At a Glance: Earlier this month, New York magazine’s “Everyone Is Cheating Their Way Through College” article laid bare the widespread use of ChatGPT at universities. Most students rely heavily on chatbots, dulling the hard work that was key to mastering subjects. The traditional “do the work, earn a degree” path is cracking as assignment answers are one-click away. Professors are racing to update their approaches and teach the skills needed in an AI-based workplace.
AI Ate My Homework
AI has become a default at college. A 2024 survey found that 86% of students use AI tools like ChatGPT. Efforts to detect AI use are ineffective and bans have mostly resulted in students developing the ability to mask the use of AI in classwork.
Many compare the rise of AI chatbots to the calculator or Wikipedia, both of which were initially considered “cheating” but were eventually accepted. In contrast, Chatbots span nearly every academic domain. They also reason, generating answers to assignments from essays to programming to analysis.
Learning is hard! Struggling with essays or wrangling calculus problems is painful, but that pain is how we learn. When students use AI instead of doing the work, they often develop surface level knowledge but not enough to explain or build on it later. A 2024 Wharton study found that ChatGPT boosted homework scores by 48%, but when it was removed performance dropped to 17% below baseline, showing how little real learning actually took place.
An Expiring Contract
There has been an unspoken deal between students and universities. Students put in the work by going to class, doing homework, studying and passing exams. In return, they earn a degree, which combined with a GPA signals their ability for future employers.

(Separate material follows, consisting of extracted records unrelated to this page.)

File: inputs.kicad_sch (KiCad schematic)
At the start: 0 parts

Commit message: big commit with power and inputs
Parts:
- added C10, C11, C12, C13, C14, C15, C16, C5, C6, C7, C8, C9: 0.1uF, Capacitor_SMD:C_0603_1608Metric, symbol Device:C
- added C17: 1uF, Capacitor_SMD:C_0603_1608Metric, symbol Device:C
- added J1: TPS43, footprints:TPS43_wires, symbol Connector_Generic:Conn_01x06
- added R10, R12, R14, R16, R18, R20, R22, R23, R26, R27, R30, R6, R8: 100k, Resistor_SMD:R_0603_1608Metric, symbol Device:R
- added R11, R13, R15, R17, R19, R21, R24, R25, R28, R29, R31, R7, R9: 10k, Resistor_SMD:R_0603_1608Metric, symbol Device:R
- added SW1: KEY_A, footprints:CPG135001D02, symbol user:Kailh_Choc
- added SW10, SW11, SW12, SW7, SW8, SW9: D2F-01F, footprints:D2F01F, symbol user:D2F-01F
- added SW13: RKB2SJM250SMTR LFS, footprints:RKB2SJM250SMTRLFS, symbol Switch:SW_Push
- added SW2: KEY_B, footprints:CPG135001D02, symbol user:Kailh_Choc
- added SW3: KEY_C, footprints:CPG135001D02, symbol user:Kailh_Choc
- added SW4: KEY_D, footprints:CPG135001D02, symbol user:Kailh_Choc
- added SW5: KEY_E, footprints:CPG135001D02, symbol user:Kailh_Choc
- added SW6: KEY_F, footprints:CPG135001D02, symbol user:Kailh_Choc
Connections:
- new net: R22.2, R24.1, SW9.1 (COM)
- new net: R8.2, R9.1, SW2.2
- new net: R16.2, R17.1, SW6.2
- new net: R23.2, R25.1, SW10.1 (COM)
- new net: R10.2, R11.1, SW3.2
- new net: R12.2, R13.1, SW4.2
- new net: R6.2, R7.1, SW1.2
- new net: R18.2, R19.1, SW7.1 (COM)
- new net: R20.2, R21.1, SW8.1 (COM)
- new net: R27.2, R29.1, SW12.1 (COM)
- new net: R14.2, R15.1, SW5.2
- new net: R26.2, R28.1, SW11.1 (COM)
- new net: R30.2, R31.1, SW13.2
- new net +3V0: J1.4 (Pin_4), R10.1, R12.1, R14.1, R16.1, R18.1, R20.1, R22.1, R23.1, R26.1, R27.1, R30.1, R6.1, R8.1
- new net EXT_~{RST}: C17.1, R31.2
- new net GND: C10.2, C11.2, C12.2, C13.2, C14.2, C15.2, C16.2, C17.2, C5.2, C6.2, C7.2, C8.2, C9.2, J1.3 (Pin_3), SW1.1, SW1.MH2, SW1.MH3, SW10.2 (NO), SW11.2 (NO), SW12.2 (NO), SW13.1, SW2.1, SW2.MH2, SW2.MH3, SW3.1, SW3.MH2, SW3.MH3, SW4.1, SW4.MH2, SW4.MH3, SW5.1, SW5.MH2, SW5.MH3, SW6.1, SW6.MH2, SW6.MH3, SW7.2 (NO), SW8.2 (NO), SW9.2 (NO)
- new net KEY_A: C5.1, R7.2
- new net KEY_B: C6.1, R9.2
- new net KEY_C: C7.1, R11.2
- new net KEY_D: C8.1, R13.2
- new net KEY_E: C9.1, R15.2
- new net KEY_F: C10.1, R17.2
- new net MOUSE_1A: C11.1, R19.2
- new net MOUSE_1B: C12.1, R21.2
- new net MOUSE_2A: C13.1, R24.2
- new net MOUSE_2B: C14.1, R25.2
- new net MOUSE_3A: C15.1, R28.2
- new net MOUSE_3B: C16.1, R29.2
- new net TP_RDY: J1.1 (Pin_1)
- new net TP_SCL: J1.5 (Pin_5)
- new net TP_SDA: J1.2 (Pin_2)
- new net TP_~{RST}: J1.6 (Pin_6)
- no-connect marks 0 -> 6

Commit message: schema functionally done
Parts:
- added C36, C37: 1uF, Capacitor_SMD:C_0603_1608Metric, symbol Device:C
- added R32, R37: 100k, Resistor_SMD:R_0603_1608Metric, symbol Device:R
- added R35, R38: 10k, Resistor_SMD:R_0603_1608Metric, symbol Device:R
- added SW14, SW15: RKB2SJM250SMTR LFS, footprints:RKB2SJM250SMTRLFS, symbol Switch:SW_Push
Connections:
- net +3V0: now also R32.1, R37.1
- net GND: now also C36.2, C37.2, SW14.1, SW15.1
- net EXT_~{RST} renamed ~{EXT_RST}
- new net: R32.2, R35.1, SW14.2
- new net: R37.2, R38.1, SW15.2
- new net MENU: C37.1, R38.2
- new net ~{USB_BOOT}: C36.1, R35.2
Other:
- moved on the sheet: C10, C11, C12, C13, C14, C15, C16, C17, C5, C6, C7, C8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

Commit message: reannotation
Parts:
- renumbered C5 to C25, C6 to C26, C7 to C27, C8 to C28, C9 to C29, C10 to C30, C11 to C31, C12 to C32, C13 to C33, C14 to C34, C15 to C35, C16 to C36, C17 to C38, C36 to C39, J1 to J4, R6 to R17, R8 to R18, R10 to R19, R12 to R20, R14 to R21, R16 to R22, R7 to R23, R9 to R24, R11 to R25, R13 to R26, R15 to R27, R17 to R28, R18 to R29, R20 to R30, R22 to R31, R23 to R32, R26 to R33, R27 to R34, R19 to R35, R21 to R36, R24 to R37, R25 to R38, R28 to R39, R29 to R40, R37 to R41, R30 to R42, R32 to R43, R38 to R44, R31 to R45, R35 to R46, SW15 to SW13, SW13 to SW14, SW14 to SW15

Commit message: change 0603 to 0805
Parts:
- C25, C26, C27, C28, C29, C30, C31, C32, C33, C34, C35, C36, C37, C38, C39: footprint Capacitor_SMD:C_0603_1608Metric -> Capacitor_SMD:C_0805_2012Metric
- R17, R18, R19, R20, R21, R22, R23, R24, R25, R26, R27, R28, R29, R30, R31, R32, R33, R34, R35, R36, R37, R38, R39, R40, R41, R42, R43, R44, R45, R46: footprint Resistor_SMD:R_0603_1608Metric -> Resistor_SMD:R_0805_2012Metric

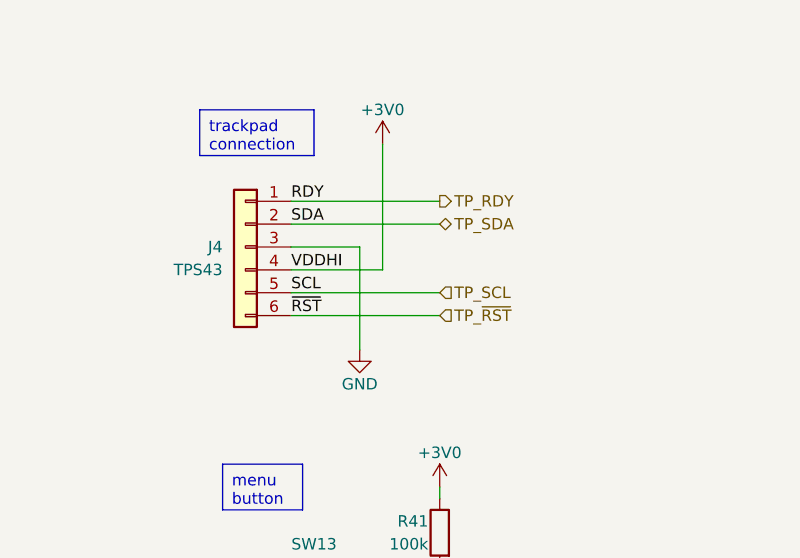
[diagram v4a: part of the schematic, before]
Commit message: add external modules
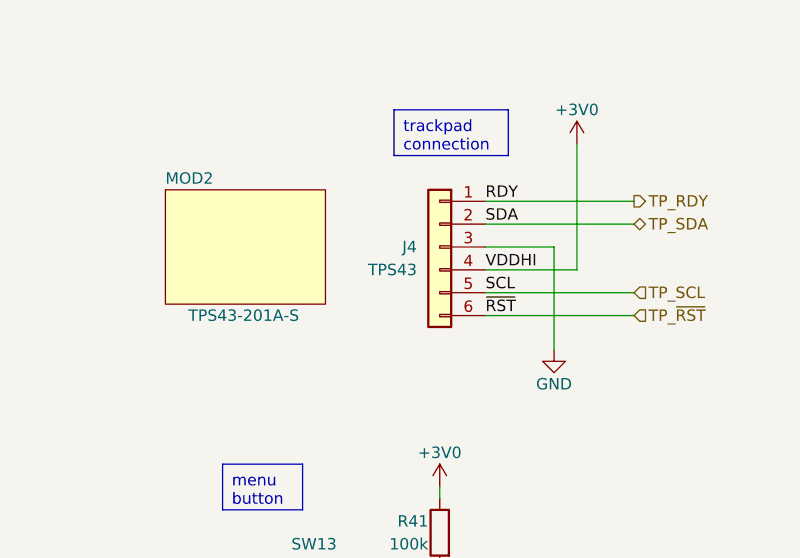
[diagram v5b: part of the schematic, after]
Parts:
- added MOD2: TPS43-201A-S, footprints:TPS43, symbol user:TPS43-201A-S
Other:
- moved on the sheet: J4

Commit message: schematic cleanup
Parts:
- removed C38, C39: 1uF, Capacitor_SMD:C_0805_2012Metric, symbol Device:C
- removed R42, R43: 100k, Resistor_SMD:R_0805_2012Metric, symbol Device:R
- removed R45, R46: 10k, Resistor_SMD:R_0805_2012Metric, symbol Device:R
- removed SW11, SW12: D2F-01F, footprints:D2F01F, symbol user:D2F-01F
- removed SW14, SW15: RKB2SJM250SMTR LFS, footprints:RKB2SJM250SMTRLFS, symbol Switch:SW_Push
- added C42, C43: 0.1uF, Capacitor_SMD:C_0805_2012Metric, symbol Device:C
- added R47, R48: 100k, Resistor_SMD:R_0805_2012Metric, symbol Device:R
- added R49, R50: 10k, Resistor_SMD:R_0805_2012Metric, symbol Device:R
- added SW11, SW12: RKB2SJM250SMTR, footprints:RKB2SJM250SMTRLFS, symbol Switch:SW_Push
- added SW16, SW17: D2F-01F, footprints:D2F01F, symbol user:D2F-01F
- C35, C36: value 0.1uF -> 1uF
- R19, R22, R31, R32: value 100k -> 10k
- R25, R26, R37, R39: value 10k -> 100k
- SW13: value RKB2SJM250SMTR LFS -> RKB2SJM250SMTR; Input (none) -> MENU
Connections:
- net +3V0: now also R25.1, R26.1, R37.1, R39.1, R47.1, R48.1; no longer R19.1, R22.1, R31.1, R32.1
- net GND: now also C42.2, C43.2, SW11.1, SW12.1, SW16.2 (NO), SW17.2 (NO)
- net KEY_B: now also R19.2; no longer R24.2
- net KEY_C: now also R22.2; no longer R25.2
- net KEY_D: now also R24.2; no longer R26.2
- net MENU: now also C35.1, R38.2; no longer C37.1, R44.2
- net MOUSE_1A: now also C32.1, R31.2; no longer C31.1, R35.2
- net MOUSE_1B: now also C31.1, R32.2; no longer C32.1, R36.2
- net MOUSE_2A: now also R35.2; no longer R37.2
- net MOUSE_2B: now also R36.2; no longer R38.2
- net MOUSE_3A: now also C42.1, R49.2; no longer C35.1, R39.2
- net MOUSE_3B: now also C43.1, R50.2; no longer C36.1, R40.2
- net ~{EXT_RST}: now also C36.1, R40.2
- net ~{USB_BOOT}: now also C37.1, R44.2
- net at R18.2, SW2.2: now also R19.1; no longer R24.1
- net at R28.1, SW6.2: now also R26.2; no longer R22.2
- net at R34.2: now also R36.1, SW10.1 (COM); no longer R40.1
- net at R27.1, SW5.2: now also R25.2; no longer R21.2
- net at R33.2: now also R35.1, SW9.1 (COM); no longer R39.1
- net at R41.2, R44.1: now also SW12.2; no longer SW13.2
- new net: R48.2, R50.1, SW17.1 (COM)
- new net: R30.2, R31.1, SW7.1 (COM)
- new net: R37.2, R38.1, SW13.2
- new net: R20.2, R22.1, SW3.2
- new net: R47.2, R49.1, SW16.1 (COM)
- new net: R21.2, R24.1, SW4.2
- new net: R39.2, R40.1, SW11.2
- new net: R29.2, R32.1, SW8.1 (COM)
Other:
- note added: "extra buttons"
- note added: "keyboard switches"
- note added: "mouse buttons"
- note added: "trackpad"
- moved on the sheet: C25, J4, MOD2, R17, R23, SW1, SW13, SW7

AI chatbots threaten this contract by shortcutting the learning process. Students face a regular dilemma: should I grind through an assignment myself or get a quick answer from a chatbot? Teachers have a related challenge: how do I evaluate a student’s work product that may be AI-created? And institutions must evaluate: how do I ensure a degree carries weight in the marketplace?
Classroom 2.0
Teachers are adjusting to AI with quick fixes like in-person exams and personal or reflective assignments. Forward thinkers are encouraging chatbot use and adding things like virtual tutors, AI simulations and AI-based grading bots.
Some educators are asking the deeper question: what skills are needed where creation is a click away? As a baseline, humans need the knowledge and ability to verify AIs that often hallucinate. Beyond this, AI literate humans need to gather context, create ideas, think critically and synthesize perspectives across humans and AIs.
My take: A 21st century Gutenberg
Johannes Gutenberg’s printing press didn’t just upend European religion and science, it reshaped education. Students went from reciting and hand-copying manuscripts to reading textbooks and developing skills in interpretation and original thought. AI is poised to do the same. In the AI-enabled classroom, student work will increasingly shift from creating to verifying, ideating, critiquing and synthesizing.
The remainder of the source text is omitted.